> **INSTRUCTIONS FOR THE TASK**
Every line in the data below from the one containing "line L1 (-18, 22.5) -> (24, 22.5)" down to the one containing "point P10 (28, -22.5)", both included, must be retyped exactly; no other line is to appear.

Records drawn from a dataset

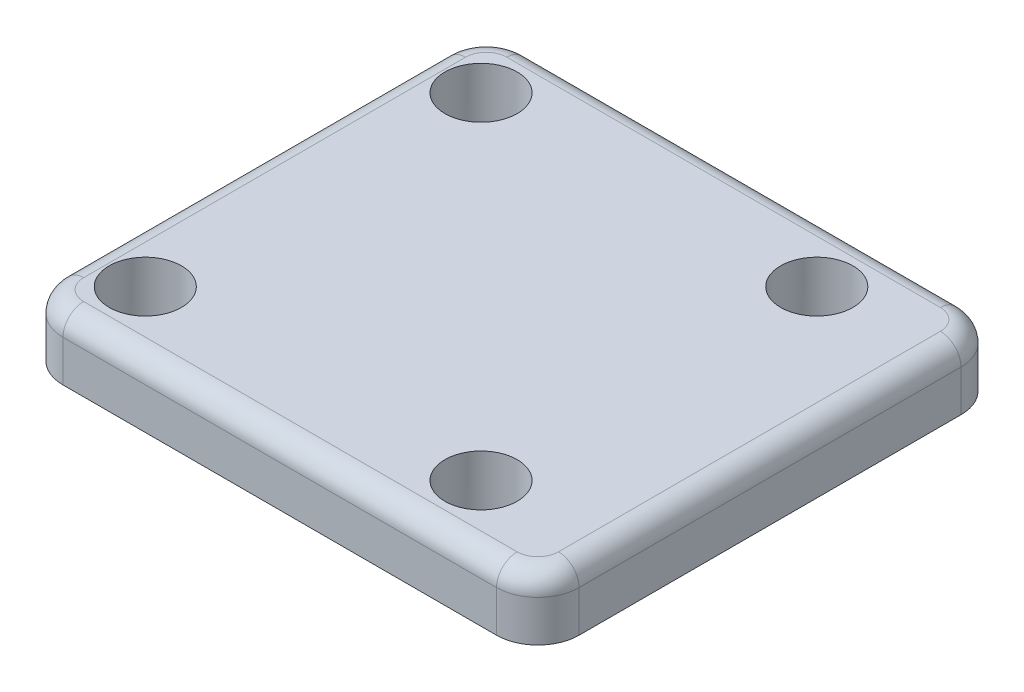
SolidWorks part; units mm, degrees
ref_plane "Front Plane" through (0, 0, 0) normal (0, 0, 1) x (1, 0, 0)
ref_plane "Top Plane" through (0, 0, 0) normal (0, 1, 0) x (1, 0, 0)
ref_plane "Right Plane" through (0, 0, 0) normal (1, 0, 0) x (0, 0, -1)
sketch "Sketch1" plane through (0, 0, 0) normal (0, 1, 0) x (1, 0, 0)
  line L1 (-18, 22.5) -> (24, 22.5)
  line L2 (-22, 18.5) -> (-22, -18.5)
  line L3 (-18, -22.5) -> (24, -22.5)
  line L4 (28, 18.5) -> (28, -18.5)
  arc A0 (24, 22.5) -> (28, 18.5) centre (24, 18.5) cw
  arc A1 (24, -22.5) -> (28, -18.5) centre (24, -18.5) ccw
  arc A2 (-22, -18.5) -> (-18, -22.5) centre (-18, -18.5) ccw
  arc A3 (-22, 18.5) -> (-18, 22.5) centre (-18, 18.5) cw
  point P7 (28, 22.5)
  point P10 (28, -22.5)
  point P15 (-22, 22.5)
  dimension "D5" = 4
  dimension "D1" = 50
  dimension "D2" = 45
  dimension "D3" = 22.5
  dimension "D4" = 22
extrude "Boss-Extrude1" add sketch "Sketch1" along normal blind 6
fillet "Fillet1" radius 2 8 edges at (-20.8284, 6, -21.3284) (3, 6, -22.5) (26.8284, 6, -21.3284) (28, 6, 0) (26.8284, 6, 21.3284) (3, 6, 22.5) (-20.8284, 6, 21.3284) (-22, 6, 0)
sketch "Sketch2" plane through (0, 0, 0) normal (0, -1, 0) x (1, 0, 0)
  circle A0 centre (0, 0) radius 16
  dimension "D1" = 32
extrude "Boss-Extrude2" add sketch "Sketch2" along normal blind 2
chamfer "Chamfer1" distance 1 angle 45 1 edges at (0, -2, -16)
sketch "Sketch3" plane through (0, 6, 0) normal (0, 1, 0) x (1, 0, 0)
  line L0 (0, 0) -> (-23, 0) construction
  line L1 (-23, 0) -> (0, 0) construction
  line L2 (0, 0) -> (-16.2635, 16.2635) construction
  circle A0 centre (0, 0) radius 23 construction
  circle A1 centre (-16.2635, 16.2635) radius 3.5
  circle A2 centre (16.2635, 16.2635) radius 3.5
  circle A3 centre (16.2635, -16.2635) radius 3.5
  circle A4 centre (-16.2635, -16.2635) radius 3.5
  point P15 (0, 0)
  dimension "D1" = 46
  dimension "D3" = 7
  dimension "D2" = 45
  dimension "D4" = 4
extrude "Cut-Extrude1" cut sketch "Sketch3" against normal through all

> **ANSWER TO THIS TASK**
  line L1 (-18, 22.5) -> (24, 22.5)
  line L2 (-22, 18.5) -> (-22, -18.5)
  line L3 (-18, -22.5) -> (24, -22.5)
  line L4 (28, 18.5) -> (28, -18.5)
  arc A0 (24, 22.5) -> (28, 18.5) centre (24, 18.5) cw
  arc A1 (24, -22.5) -> (28, -18.5) centre (24, -18.5) ccw
  arc A2 (-22, -18.5) -> (-18, -22.5) centre (-18, -18.5) ccw
  arc A3 (-22, 18.5) -> (-18, 22.5) centre (-18, 18.5) cw
  point P7 (28, 22.5)
  point P10 (28, -22.5)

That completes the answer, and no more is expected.